Brief Facts
- An FIR was registered for the offence under Section 121, 121A, 124A, 153A, 505(1)(b), 117, 120B read with Section 34 of the Indian Penal Code, 1860 and Sections 13, 16, 17, 18, 18B, 20, 38, 39 and 40 of the Unlawful Activities (Prevention) Act, 1967.
- The FIR was lodged regarding the violence, arson and stone-pelting near Bhima-Koregaon. The Appellant was not initially named in the FIR; however, he was arrested during the investigation on the allegations of his alleged involvement with the CPI (Maoist), which is an organization placed in the First Schedule of UAPA as terrorist organization.
Issues
- Whether mere membership of a banned organization constitutes an offence the UAPA?
- Whether merely holding certain literature through which violent acts may be propagated would attract the provisions of Section 15(1)(b) of the UAPA?
Held
- Supreme Court allowed the Bail Application.
No prima Facie case found to be proven against appellant under the UAPA Act
- Barring Section 13, all the offences with which the appellants have been charged with under the 1967 Act fall within Chapters IV and VI of the said statute. This is apart from the offences under the 1860 Code. Hence, there is a duty of the Court to form an opinion on perusal of the case diary or the report made under Section 173 of the Code of Criminal Procedure, 1973 (“1973 Code”) that there are reasonable grounds for believing that the accusations against such persons are prima facie true while considering the prayer for bail, to reject prayers for bail of the appellants. The manner in which the Court shall form such opinion has been laid down by this Court in the case of National Investigation Agency vs Zahoor Ahmad Shah Watali (2019) 5 SCC 1.
- As it would be evident from the analysis of the evidence cited by the NIA, the acts allegedly committed by the appellants can be categorised under three heads. The first is their association with a terrorist organisation which the prosecution claims from the letters and witness statements, particulars of which we have given above. But what we must be conscious of, while dealing with prima facie worth of these statements and documents is that none of them had been seized or recovered from the appellants but these recoveries are alleged to have been made from the co-accused. The second head of alleged offensive acts of the appellants is keeping literatures propagating violence and promoting overthrowing of a democratically elected government through armed struggle. But again, it is not the NIA’s case that either of the two appellants is the author of the materials found from their residences, as alleged. None of these literatures has been specifically proscribed so as to constitute an offence, just by keeping them. Thirdly, so far as AF is concerned, some materials point to handling of finances. But such finances, as per the materials through which the dealings are sought to be established, show that the transaction was mainly for the purpose of litigation on behalf of, it appears to us, detained party persons. The formation of or association with a legal front of the banned terrorist organisation has also been attributed to AF, in addition.

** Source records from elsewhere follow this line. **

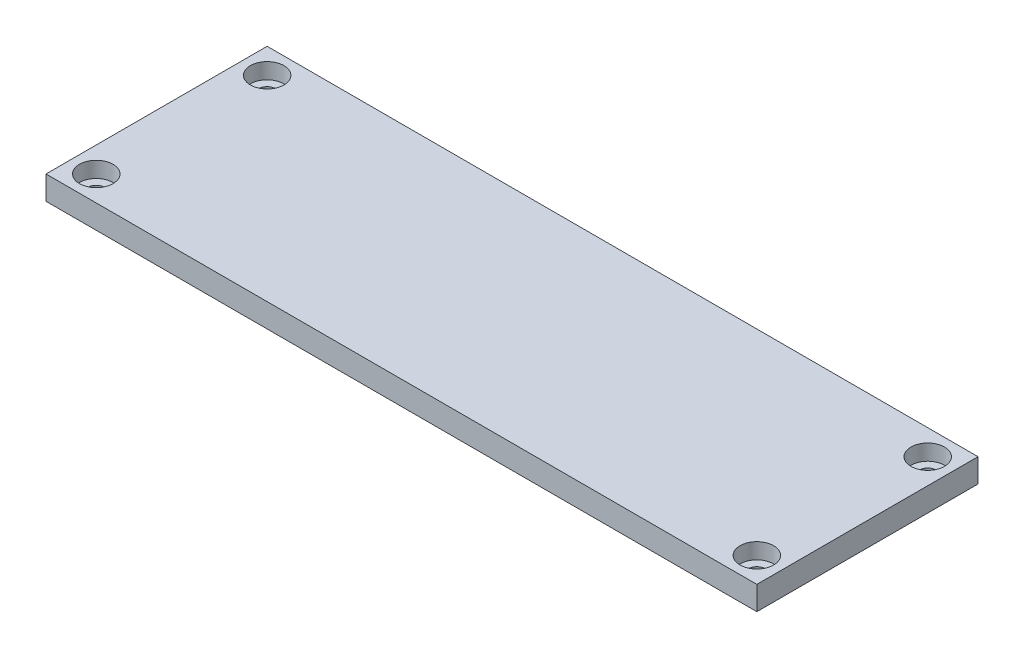
ISO-10303-21;
HEADER;
FILE_DESCRIPTION(('STEP AP214'),'2;1');
FILE_NAME('part.step','',(''),(''),'','','');
FILE_SCHEMA(('AUTOMOTIVE_DESIGN { 1 0 10303 214 1 1 1 1 }'));
ENDSEC;
DATA;
#1=APPLICATION_CONTEXT('core data for automotive mechanical design processes');
#2=APPLICATION_PROTOCOL_DEFINITION('international standard','automotive_design',2000,#1);
#3=PRODUCT_CONTEXT('',#1,'mechanical');
#4=PRODUCT('Part','Part','',(#3));
#5=PRODUCT_RELATED_PRODUCT_CATEGORY('part','',(#4));
#6=PRODUCT_DEFINITION_FORMATION('','',#4);
#7=PRODUCT_DEFINITION_CONTEXT('part definition',#1,'design');
#8=PRODUCT_DEFINITION('design','',#6,#7);
#9=PRODUCT_DEFINITION_SHAPE('','',#8);
#10=(LENGTH_UNIT() NAMED_UNIT(*) SI_UNIT(.MILLI.,.METRE.));
#11=(NAMED_UNIT(*) PLANE_ANGLE_UNIT() SI_UNIT($,.RADIAN.));
#12=(NAMED_UNIT(*) SI_UNIT($,.STERADIAN.) SOLID_ANGLE_UNIT());
#13=UNCERTAINTY_MEASURE_WITH_UNIT(LENGTH_MEASURE(1.E-05),#10,'distance_accuracy_value','');
#14=(GEOMETRIC_REPRESENTATION_CONTEXT(3) GLOBAL_UNCERTAINTY_ASSIGNED_CONTEXT((#13)) GLOBAL_UNIT_ASSIGNED_CONTEXT((#10,
#11,#12)) REPRESENTATION_CONTEXT('',''));
#15=CARTESIAN_POINT('',(0.,0.,0.));
#16=DIRECTION('',(0.,0.,1.));
#17=DIRECTION('',(1.,0.,0.));
#18=AXIS2_PLACEMENT_3D('',#15,#16,#17);
#19=CARTESIAN_POINT('',(-34.7741935483871,3.,8.01612903225806));
#20=DIRECTION('',(1.,0.,0.));
#21=DIRECTION('',(0.,0.,-1.));
#22=AXIS2_PLACEMENT_3D('',#19,#20,#21);
#23=PLANE('',#22);
#24=DIRECTION('',(0.,0.,1.));
#25=VECTOR('',#24,1.);
#26=CARTESIAN_POINT('',(-34.7741935483871,0.,8.01612903225806));
#27=LINE('',#26,#25);
#28=CARTESIAN_POINT('',(-34.7741935483871,0.,-19.9838709677419));
#29=VERTEX_POINT('',#28);
#30=CARTESIAN_POINT('',(-34.7741935483871,0.,8.01612903225806));
#31=VERTEX_POINT('',#30);
#32=EDGE_CURVE('E107',#29,#31,#27,.T.);
#33=ORIENTED_EDGE('',*,*,#32,.T.);
#34=DIRECTION('',(0.,-1.,0.));
#35=VECTOR('',#34,1.);
#36=CARTESIAN_POINT('',(-34.7741935483871,3.,8.01612903225806));
#37=LINE('',#36,#35);
#38=CARTESIAN_POINT('',(-34.7741935483871,3.,8.01612903225806));
#39=VERTEX_POINT('',#38);
#40=EDGE_CURVE('E11',#39,#31,#37,.T.);
#41=ORIENTED_EDGE('',*,*,#40,.F.);
#42=DIRECTION('',(0.,0.,1.));
#43=VECTOR('',#42,1.);
#44=CARTESIAN_POINT('',(-34.7741935483871,3.,8.01612903225806));
#45=LINE('',#44,#43);
#46=CARTESIAN_POINT('',(-34.7741935483871,3.,-19.9838709677419));
#47=VERTEX_POINT('',#46);
#48=EDGE_CURVE('E91',#47,#39,#45,.T.);
#49=ORIENTED_EDGE('',*,*,#48,.F.);
#50=DIRECTION('',(0.,-1.,0.));
#51=VECTOR('',#50,1.);
#52=CARTESIAN_POINT('',(-34.7741935483871,3.,-19.9838709677419));
#53=LINE('',#52,#51);
#54=EDGE_CURVE('E103',#47,#29,#53,.T.);
#55=ORIENTED_EDGE('',*,*,#54,.T.);
#56=EDGE_LOOP('',(#33,#41,#49,#55));
#57=FACE_BOUND('',#56,.T.);
#58=ADVANCED_FACE('F39',(#57),#23,.F.);
#59=CARTESIAN_POINT('',(-34.7741935483871,3.,8.01612903225806));
#60=DIRECTION('',(0.,0.,-1.));
#61=DIRECTION('',(-1.,0.,0.));
#62=AXIS2_PLACEMENT_3D('',#59,#60,#61);
#63=PLANE('',#62);
#64=DIRECTION('',(1.,0.,0.));
#65=VECTOR('',#64,1.);
#66=CARTESIAN_POINT('',(-34.7741935483871,0.,8.01612903225806));
#67=LINE('',#66,#65);
#68=CARTESIAN_POINT('',(55.2258064516129,0.,8.01612903225806));
#69=VERTEX_POINT('',#68);
#70=EDGE_CURVE('E96',#31,#69,#67,.T.);
#71=ORIENTED_EDGE('',*,*,#70,.T.);
#72=DIRECTION('',(0.,-1.,0.));
#73=VECTOR('',#72,1.);
#74=CARTESIAN_POINT('',(55.2258064516129,3.,8.01612903225806));
#75=LINE('',#74,#73);
#76=CARTESIAN_POINT('',(55.2258064516129,3.,8.01612903225806));
#77=VERTEX_POINT('',#76);
#78=EDGE_CURVE('E48',#77,#69,#75,.T.);
#79=ORIENTED_EDGE('',*,*,#78,.F.);
#80=DIRECTION('',(1.,0.,0.));
#81=VECTOR('',#80,1.);
#82=CARTESIAN_POINT('',(-34.7741935483871,3.,8.01612903225806));
#83=LINE('',#82,#81);
#84=EDGE_CURVE('E86',#39,#77,#83,.T.);
#85=ORIENTED_EDGE('',*,*,#84,.F.);
#86=ORIENTED_EDGE('',*,*,#40,.T.);
#87=EDGE_LOOP('',(#71,#79,#85,#86));
#88=FACE_BOUND('',#87,.T.);
#89=ADVANCED_FACE('F95',(#88),#63,.F.);
#90=CARTESIAN_POINT('',(55.2258064516129,3.,8.01612903225806));
#91=DIRECTION('',(-1.,0.,0.));
#92=DIRECTION('',(0.,0.,1.));
#93=AXIS2_PLACEMENT_3D('',#90,#91,#92);
#94=PLANE('',#93);
#95=DIRECTION('',(0.,0.,-1.));
#96=VECTOR('',#95,1.);
#97=CARTESIAN_POINT('',(55.2258064516129,0.,8.01612903225806));
#98=LINE('',#97,#96);
#99=CARTESIAN_POINT('',(55.2258064516129,0.,-19.9838709677419));
#100=VERTEX_POINT('',#99);
#101=EDGE_CURVE('E73',#69,#100,#98,.T.);
#102=ORIENTED_EDGE('',*,*,#101,.T.);
#103=DIRECTION('',(0.,-1.,0.));
#104=VECTOR('',#103,1.);
#105=CARTESIAN_POINT('',(55.2258064516129,3.,-19.9838709677419));
#106=LINE('',#105,#104);
#107=CARTESIAN_POINT('',(55.2258064516129,3.,-19.9838709677419));
#108=VERTEX_POINT('',#107);
#109=EDGE_CURVE('E98',#108,#100,#106,.T.);
#110=ORIENTED_EDGE('',*,*,#109,.F.);
#111=DIRECTION('',(0.,0.,-1.));
#112=VECTOR('',#111,1.);
#113=CARTESIAN_POINT('',(55.2258064516129,3.,8.01612903225806));
#114=LINE('',#113,#112);
#115=EDGE_CURVE('E89',#77,#108,#114,.T.);
#116=ORIENTED_EDGE('',*,*,#115,.F.);
#117=ORIENTED_EDGE('',*,*,#78,.T.);
#118=EDGE_LOOP('',(#102,#110,#116,#117));
#119=FACE_BOUND('',#118,.T.);
#120=ADVANCED_FACE('F99',(#119),#94,.F.);
#121=CARTESIAN_POINT('',(-34.7741935483871,3.,-19.9838709677419));
#122=DIRECTION('',(0.,0.,1.));
#123=DIRECTION('',(1.,0.,0.));
#124=AXIS2_PLACEMENT_3D('',#121,#122,#123);
#125=PLANE('',#124);
#126=DIRECTION('',(-1.,0.,0.));
#127=VECTOR('',#126,1.);
#128=CARTESIAN_POINT('',(-34.7741935483871,0.,-19.9838709677419));
#129=LINE('',#128,#127);
#130=EDGE_CURVE('E79',#100,#29,#129,.T.);
#131=ORIENTED_EDGE('',*,*,#130,.T.);
#132=ORIENTED_EDGE('',*,*,#54,.F.);
#133=DIRECTION('',(-1.,0.,0.));
#134=VECTOR('',#133,1.);
#135=CARTESIAN_POINT('',(-34.7741935483871,3.,-19.9838709677419));
#136=LINE('',#135,#134);
#137=EDGE_CURVE('E56',#108,#47,#136,.T.);
#138=ORIENTED_EDGE('',*,*,#137,.F.);
#139=ORIENTED_EDGE('',*,*,#109,.T.);
#140=EDGE_LOOP('',(#131,#132,#138,#139));
#141=FACE_BOUND('',#140,.T.);
#142=ADVANCED_FACE('F121',(#141),#125,.F.);
#143=CARTESIAN_POINT('',(0.,3.,0.));
#144=DIRECTION('',(0.,-1.,0.));
#145=DIRECTION('',(0.,0.,-1.));
#146=AXIS2_PLACEMENT_3D('',#143,#144,#145);
#147=PLANE('',#146);
#148=CARTESIAN_POINT('',(52.0438259362734,3.,-16.8018904524025));
#149=DIRECTION('',(0.,1.,0.));
#150=DIRECTION('',(0.,0.,-1.));
#151=AXIS2_PLACEMENT_3D('',#148,#149,#150);
#152=CIRCLE('',#151,2.125);
#153=CARTESIAN_POINT('',(52.0438259362734,3.,-18.9268904524025));
#154=VERTEX_POINT('',#153);
#155=EDGE_CURVE('E136',#154,#154,#152,.T.);
#156=ORIENTED_EDGE('',*,*,#155,.F.);
#157=EDGE_LOOP('',(#156));
#158=FACE_BOUND('',#157,.T.);
#159=CARTESIAN_POINT('',(52.0438259362734,3.,4.83414851691859));
#160=DIRECTION('',(0.,1.,0.));
#161=DIRECTION('',(0.,0.,1.));
#162=AXIS2_PLACEMENT_3D('',#159,#160,#161);
#163=CIRCLE('',#162,2.125);
#164=CARTESIAN_POINT('',(52.0438259362734,3.,6.95914851691859));
#165=VERTEX_POINT('',#164);
#166=EDGE_CURVE('E145',#165,#165,#163,.T.);
#167=ORIENTED_EDGE('',*,*,#166,.F.);
#168=EDGE_LOOP('',(#167));
#169=FACE_BOUND('',#168,.T.);
#170=CARTESIAN_POINT('',(-31.5922130330476,3.,4.8341485169186));
#171=DIRECTION('',(0.,1.,0.));
#172=DIRECTION('',(0.,0.,-1.));
#173=AXIS2_PLACEMENT_3D('',#170,#171,#172);
#174=CIRCLE('',#173,2.125);
#175=CARTESIAN_POINT('',(-31.5922130330476,3.,2.7091485169186));
#176=VERTEX_POINT('',#175);
#177=EDGE_CURVE('E153',#176,#176,#174,.T.);
#178=ORIENTED_EDGE('',*,*,#177,.F.);
#179=EDGE_LOOP('',(#178));
#180=FACE_BOUND('',#179,.T.);
#181=CARTESIAN_POINT('',(-31.5922130330476,3.,-16.8018904524025));
#182=DIRECTION('',(0.,1.,0.));
#183=DIRECTION('',(0.,0.,1.));
#184=AXIS2_PLACEMENT_3D('',#181,#182,#183);
#185=CIRCLE('',#184,2.125);
#186=CARTESIAN_POINT('',(-31.5922130330476,3.,-14.6768904524025));
#187=VERTEX_POINT('',#186);
#188=EDGE_CURVE('E128',#187,#187,#185,.T.);
#189=ORIENTED_EDGE('',*,*,#188,.F.);
#190=EDGE_LOOP('',(#189));
#191=FACE_BOUND('',#190,.T.);
#192=ORIENTED_EDGE('',*,*,#48,.T.);
#193=ORIENTED_EDGE('',*,*,#84,.T.);
#194=ORIENTED_EDGE('',*,*,#115,.T.);
#195=ORIENTED_EDGE('',*,*,#137,.T.);
#196=EDGE_LOOP('',(#192,#193,#194,#195));
#197=FACE_BOUND('',#196,.T.);
#198=ADVANCED_FACE('F87',(#158,#169,#180,#191,#197),#147,.F.);
#199=CARTESIAN_POINT('',(0.,0.,0.));
#200=DIRECTION('',(0.,-1.,0.));
#201=DIRECTION('',(0.,0.,-1.));
#202=AXIS2_PLACEMENT_3D('',#199,#200,#201);
#203=PLANE('',#202);
#204=CARTESIAN_POINT('',(52.0438259362734,0.,-16.8018904524025));
#205=DIRECTION('',(0.,-1.,0.));
#206=DIRECTION('',(0.,0.,-1.));
#207=AXIS2_PLACEMENT_3D('',#204,#205,#206);
#208=CIRCLE('',#207,1.075);
#209=CARTESIAN_POINT('',(52.0438259362734,0.,-17.8768904524025));
#210=VERTEX_POINT('',#209);
#211=EDGE_CURVE('E183',#210,#210,#208,.T.);
#212=ORIENTED_EDGE('',*,*,#211,.F.);
#213=EDGE_LOOP('',(#212));
#214=FACE_BOUND('',#213,.T.);
#215=CARTESIAN_POINT('',(52.0438259362734,0.,4.83414851691859));
#216=DIRECTION('',(0.,-1.,0.));
#217=DIRECTION('',(0.,0.,-1.));
#218=AXIS2_PLACEMENT_3D('',#215,#216,#217);
#219=CIRCLE('',#218,1.075);
#220=CARTESIAN_POINT('',(52.0438259362734,0.,3.75914851691859));
#221=VERTEX_POINT('',#220);
#222=EDGE_CURVE('E175',#221,#221,#219,.T.);
#223=ORIENTED_EDGE('',*,*,#222,.F.);
#224=EDGE_LOOP('',(#223));
#225=FACE_BOUND('',#224,.T.);
#226=CARTESIAN_POINT('',(-31.5922130330476,0.,4.8341485169186));
#227=DIRECTION('',(0.,-1.,0.));
#228=DIRECTION('',(0.,0.,-1.));
#229=AXIS2_PLACEMENT_3D('',#226,#227,#228);
#230=CIRCLE('',#229,1.075);
#231=CARTESIAN_POINT('',(-31.5922130330476,0.,3.7591485169186));
#232=VERTEX_POINT('',#231);
#233=EDGE_CURVE('E167',#232,#232,#230,.T.);
#234=ORIENTED_EDGE('',*,*,#233,.F.);
#235=EDGE_LOOP('',(#234));
#236=FACE_BOUND('',#235,.T.);
#237=CARTESIAN_POINT('',(-31.5922130330476,0.,-16.8018904524025));
#238=DIRECTION('',(0.,-1.,0.));
#239=DIRECTION('',(0.,0.,-1.));
#240=AXIS2_PLACEMENT_3D('',#237,#238,#239);
#241=CIRCLE('',#240,1.075);
#242=CARTESIAN_POINT('',(-31.5922130330476,0.,-17.8768904524025));
#243=VERTEX_POINT('',#242);
#244=EDGE_CURVE('E141',#243,#243,#241,.T.);
#245=ORIENTED_EDGE('',*,*,#244,.F.);
#246=EDGE_LOOP('',(#245));
#247=FACE_BOUND('',#246,.T.);
#248=ORIENTED_EDGE('',*,*,#32,.F.);
#249=ORIENTED_EDGE('',*,*,#130,.F.);
#250=ORIENTED_EDGE('',*,*,#101,.F.);
#251=ORIENTED_EDGE('',*,*,#70,.F.);
#252=EDGE_LOOP('',(#248,#249,#250,#251));
#253=FACE_BOUND('',#252,.T.);
#254=ADVANCED_FACE('F124',(#214,#225,#236,#247,#253),#203,.T.);
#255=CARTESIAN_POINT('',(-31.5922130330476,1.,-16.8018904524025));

The High Court while analysing each of these documents individually did not opine that there were reasonable grounds for believing that the accusations against such persons were not prima facie true. Those offences which come within Chapters IV and VI of the 1967 Act, charged against the appellants, are Sections 16, 17, 18, 18B, 20, 38, 39 and 40. We have summarised the nature of allegations reflected in the chargesheet as also the affidavit of the NIA. Now we shall have to ascertain if on the basis of these materials, the prosecution has made out reasonable grounds to persuade the Court to be satisfied that the accusations against the appellants are prima facie true. There is charge under Section 13 of the 1967 Act and certain offences under the 1860 Code against the appellants also. But we shall first deal with the appellants’ case in relation to charges made against them under the aforesaid provisions.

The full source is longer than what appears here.